Was sich an konkret nachweisbaren Dingen damals in Halcon Canyon und in Fort Calhoun in Texas abgespielt hat, ist in den Annaleu der Armee und in den Archiven der Presse und der Ministerien in den verschiedensten Versionen schriftlich festgehalten. Sie enthalten das, was man so gemeinhin als Wahrheit zu bezeichnen pflegt. Nüchterne Zahlen von Menschenopfern, von Verlusten an Material und Soldaten, die ihr Leben im Dienst für die Nation verloren. Beschreibungen der geographischen Begebenheiten und historische Voraussetzungen eines Indianeraufstandes, der zu diesen Verlusten führte. Untersuchungsberichte von Militärgerichten, die sich mit Schuldfragen beschäftigen mußten. Und unzählige Zeugenaussagen von Personen, die in die Katastrophe verwickelt waren. Allerdings haben sie mit der Wahrheit dieses Tages wenig oder gar nichts zu tun.
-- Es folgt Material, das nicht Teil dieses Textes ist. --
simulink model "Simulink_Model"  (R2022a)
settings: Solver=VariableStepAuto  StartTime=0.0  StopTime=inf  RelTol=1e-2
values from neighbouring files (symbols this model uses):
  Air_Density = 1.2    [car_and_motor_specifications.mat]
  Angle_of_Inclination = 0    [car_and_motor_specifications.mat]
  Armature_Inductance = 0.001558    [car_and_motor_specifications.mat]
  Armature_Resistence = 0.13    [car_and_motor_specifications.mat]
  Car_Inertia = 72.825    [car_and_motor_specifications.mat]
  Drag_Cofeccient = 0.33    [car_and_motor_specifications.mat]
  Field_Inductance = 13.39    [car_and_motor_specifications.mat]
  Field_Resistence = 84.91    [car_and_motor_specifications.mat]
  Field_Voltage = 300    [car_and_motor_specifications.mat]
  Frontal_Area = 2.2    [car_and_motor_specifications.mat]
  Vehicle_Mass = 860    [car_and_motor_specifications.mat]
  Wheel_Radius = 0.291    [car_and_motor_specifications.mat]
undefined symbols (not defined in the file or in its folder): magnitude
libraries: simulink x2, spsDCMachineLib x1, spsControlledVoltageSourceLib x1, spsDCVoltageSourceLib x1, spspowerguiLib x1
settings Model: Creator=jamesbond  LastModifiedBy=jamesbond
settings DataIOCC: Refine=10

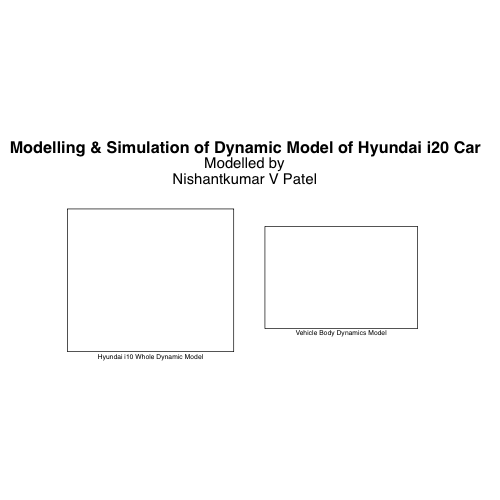
[thumbnail: Simulink's stored preview of the top-level diagram]
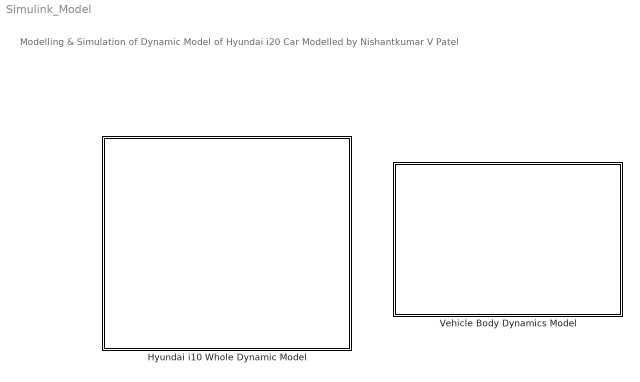
== system Simulink_Model ==
  note: Modelling & Simulation of Dynamic Model of Hyundai i20 Car
      | Modelled by
      | Nishantkumar V Patel
  Hyundai i10 Whole Dynamic Model : Subsystem
  Vehicle Body Dynamics Model : Subsystem

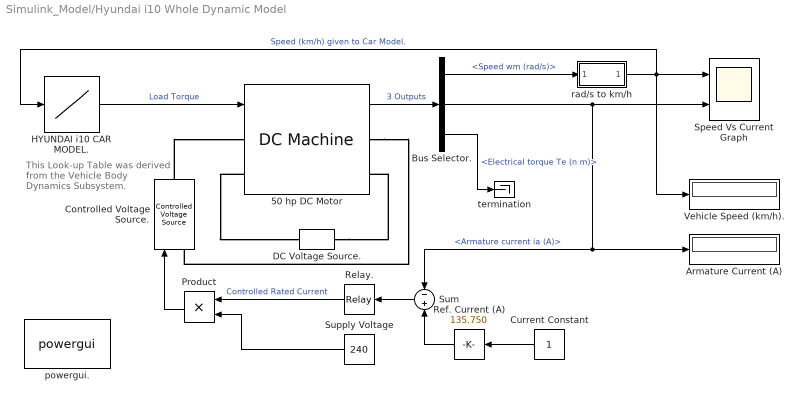
== system Simulink_Model/Hyundai i10 Whole Dynamic Model ==
  note: This Look-up Table was
      |  derived from the Vehicle
      |  Body Dynamics Subsystem.
  50 hp DC Motor : spsDCMachineLib/DC Machine  PresetModel=No  MechanicalLoad=Torque TL  FieldType=Wound  ShowDetailedParameters=on  MeasurementBus=off  RLa=[Armature_Resistence Armature_Inductance]  RLf=[Field_Resistence Field_Inductance]  Laf=Field_Armature_Mutual_Inductance  MachineConstant=Torque constant (N.m/A)  Ke=1.8  Kt=1.8  J=Car_Inertia  Bm=Viscous_Friction_Coefficient  Tf=Friction_Torque  w0=1  Ifinit=3.53315274997056  TsPowergui=0  TsBlock=-1
  Armature Current (A) : Display
  Bus Selector. : BusSelector  OutputSignals=Speed wm (rad/s),Armature current ia (A),Electrical torque Te (n m)
  Controlled Voltage Source. : spsControlledVoltageSourceLib/Controlled Voltage Source  Initialize=on  Source_Type=DC  Amplitude=0  Phase=0  Frequency=0  Measurements=None
  Current Constant : Constant
  DC Voltage Source. : spsDCVoltageSourceLib/DC Voltage Source  Amplitude=Field_Voltage  Measurements=None
  HYUNDAI i10 CAR MODEL. : Lookup_n-D  NumberOfTableDimensions=1  BreakpointsForDimension1=[0 22.61 31.98 39.16 45.22 50.56 55.38 59.82 64 67.83 71.5 75 78.32 81.52 84.6 87.57 90.44 93.22 95.93 101.1]  Table=[0 5 10 15 20 25 30 35 40 45 50 55 60 65 70 75 80 85 90 100]  InternalRulePriority=Speed  RndMeth=Simplest
  Product : Product
  "Ref. Current (A) " : simulink/Math Operations/Slider Gain  gain=135.750  low=0  high=181
  Relay. : Relay  OnSwitchValue=2  OffSwitchValue=-2
  Speed Vs Current Graph : Scope  NumInputPorts=2
  Sum : Sum  Inputs=-+
  Supply Voltage : Constant  Value=240
  Vehicle Speed (km/h). : Display
  powergui. : spspowerguiLib/powergui  Priority=1  SimulationMode=Discrete  SampleTime=50e-6  frequency=60  Iterations=50  frequencyindice=0  Pbase=100e6  ErrMax=1e-4  UnitsV=kV  UnitsW=MW  buscounter=0  FunctionMessages=off  echomessages=off  EnableUseOfTLC=off  CurrentSourceSwitches=off  DisableSnubberDevices=off  DisableRonSwitches=off  DisableVfSwitches=off  DisplayEquations=off  AutomaticDiscreteSolvers=off  SolverType=Tustin/Backward Euler (TBE)  Interpol=off  ExternalGateDelay=off  methode=off  Ts=100  x0status=blocks  SPID=on  SwTol=0  HookPort=off  NonlinearTolerance=1e-4  nMaxIteration=100  ContinueOnMaxIteration=off  RestoreLinks=warning  ResistiveCurrentMeasurement=off  Frange=[0:2:500]  Ylog=off  Xlog=on  ShowGrid=off  save=off  variable=ZData  structure=0  ZoomFFT=off  StartTime=0.0  cycles=1  DisplayStyle=1  fundamental=60  FreqAxis=off  MaxFrequency=1000  frequencyindicesteady=1  RmsSteady=1  display=off
  rad/s to km/h : Subsystem
  termination : Terminator
  wires:
  Current Constant/1 -> "Ref. Current (A) "/1
  50 hp DC Motor/1 -> Bus Selector./1  "3 Outputs"
  Relay./1 -> Product/1  "Controlled Rated Current"
  Supply Voltage/1 -> Product/2
  Bus Selector./3 -> termination/1  "<Electrical torque Te (n m)>"
  rad/s to km/h/1(Out1) -> HYUNDAI i10 CAR MODEL./1, Speed Vs Current Graph/1, Vehicle Speed (km/h)./1  "Speed (km/h) given to Car Model."
  Sum/1 -> Relay./1
  Product/1 -> Controlled Voltage Source./1
  HYUNDAI i10 CAR MODEL./1 -> 50 hp DC Motor/1  "Load Torque"
  "Ref. Current (A) "/1 -> Sum/2
  Bus Selector./1 -> rad/s to km/h/1(<Speed wm (rad/s)>)  "<Speed wm (rad/s)>"
  Bus Selector./2 -> Sum/1, Armature Current (A)/1, Speed Vs Current Graph/2  "<Armature current ia (A)>"
  connections:
  50 hp DC Motor/LConn2 -- DC Voltage Source./RConn1
  50 hp DC Motor/RConn1 -- Controlled Voltage Source./LConn1
  Controlled Voltage Source./RConn1 -- 50 hp DC Motor/LConn1
  DC Voltage Source./LConn1 -- 50 hp DC Motor/RConn2

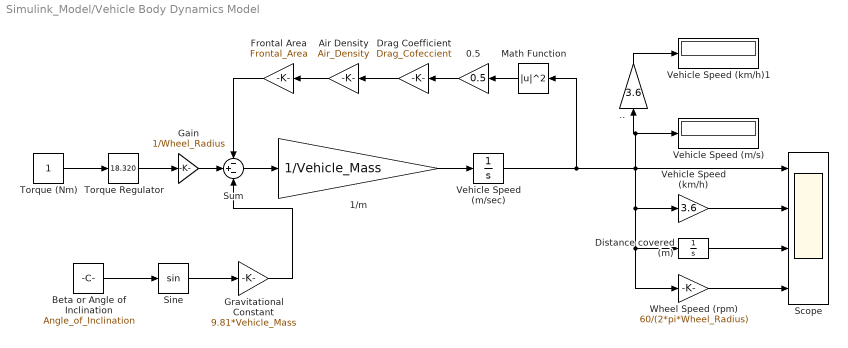
== system Simulink_Model/Vehicle Body Dynamics Model ==
  .. : Gain  Gain=3.6
  0.5 : Gain  Gain=0.5
  1/m : Gain  Gain=1/Vehicle_Mass
  Air Density : Gain  Gain=Air_Density
  Beta or Angle of Inclination : Constant  Value=Angle_of_Inclination
  Distance covered (m) : Integrator
  Drag Coefficient : Gain  Gain=Drag_Cofeccient
  Frontal Area : Gain  Gain=Frontal_Area
  Gain : Gain  Gain=1/Wheel_Radius
  Gravitational Constant : Gain  Gain=9.81*Vehicle_Mass
  Math Function : Math  Operator=magnitude^2
  Scope : Scope  NumInputPorts=4
  Sine : Trigonometry
  Sum : Sum  Inputs=-+-
  Torque (Nm) : Constant
  Torque Regulator : simulink/Math Operations/Slider Gain  gain=18.320  low=0  high=203.55
  Vehicle Speed (km/h) : Gain  Gain=3.6
  Vehicle Speed (km/h)1 : Display
  Vehicle Speed (m/s) : Display
  Vehicle Speed (m/sec) : Integrator
  Wheel Speed (rpm) : Gain  Gain=60/(2*pi*Wheel_Radius)
  wires:
  Torque Regulator/1 -> Gain/1
  Gain/1 -> Sum/2
  Wheel Speed (rpm)/1 -> Scope/4
  Distance covered (m)/1 -> Scope/3
  Beta or Angle of Inclination/1 -> Sine/1
  Vehicle Speed (km/h)/1 -> Scope/2
  ../1 -> Vehicle Speed (km/h)1/1
  Math Function/1 -> 0.5/1
  Gravitational Constant/1 -> Sum/3
  1/m/1 -> Vehicle Speed (m/sec)/1
  Sine/1 -> Gravitational Constant/1
  Torque (Nm)/1 -> Torque Regulator/1
  Frontal Area/1 -> Sum/1
  Sum/1 -> 1/m/1
  0.5/1 -> Drag Coefficient/1
  Drag Coefficient/1 -> Air Density/1
  Vehicle Speed (m/sec)/1 -> ../1, Vehicle Speed (m/s)/1, Scope/1, Vehicle Speed (km/h)/1, Distance covered (m)/1, Wheel Speed (rpm)/1, Math Function/1
  Air Density/1 -> Frontal Area/1

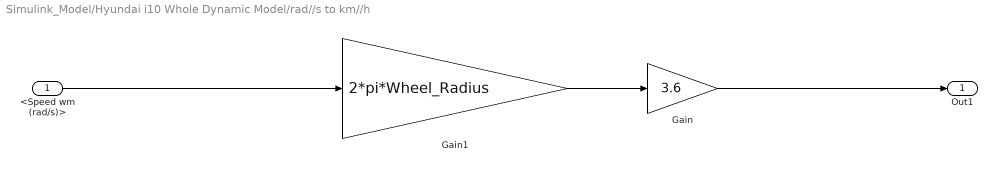
== system Simulink_Model/Hyundai i10 Whole Dynamic Model/rad//s to km//h ==
  <Speed wm (rad/s)> : Inport
  Gain : Gain  Gain=3.6
  Gain1 : Gain  Gain=2*pi*Wheel_Radius
  Out1 : Outport
  wires:
  Gain/1 -> Out1/1
  <Speed wm (rad/s)>/1 -> Gain1/1
  Gain1/1 -> Gain/1

Ich habe das alles in meiner letzten Tagebuchaufzeichnung beschrieben, was zu diesem tragischen Ereignis im Halcon Canyon führte. Ich habe die Katastrophe selbst beschrieben, die ich als einziger Beteiligter überlebte, und auch die Gefühle geschildert, die mich während des Überfalls ergriffen. Das unbeschreibliche Entsetzen eines jungen Menschen angesichts einer grauenhaften Tat. Aber alles das hat nur mittelbar mit meiner Krise zu tun. Sie hängt nicht von der Größe oder Wucht eines äußeren Ereignisses ab, sondern allein von der augenblicklichen Beschaffenheit des Menschen, den sie trifft.
Man kann sagen, daß das Schicksal einen Menschen erst auf das vorbereiten muß, was für ihn zu einer Krise werden soll. Manchen kann der Anblick einer Schlacht mit Tausenden von Opfern relativ unberührt lassen, weil dieses Ereignis nichts mit seinem persönlichen Schicksal oder seiner Bestimmung zu tun hat. Es mag ihn aufrütteln oder tief beeindrucken, aber es bedeutet für sein Leben nicht die Wendemarke, den Umsturz, die Entscheidung.
Für mich war der 11. Juni 1866 das wichtigste Datum seit meiner Geburt. Und vielleicht wird es auch das wichtigste Datum bis zu meinem Tod bleiben.
So wichtig ist die entscheidende Krise in dem Leben eines Menschen. Und nicht das äußere Ereignis, das eine Krise auslöst, ist wichtig – des kann eine ganz banale, belanglose Sache sein –, sondern wie der Mensch, dem das Schicksal sie als Prüfung auferlegt, damit fertig wird. Denn eine Krise trifft ihn meistens unvorbereitet.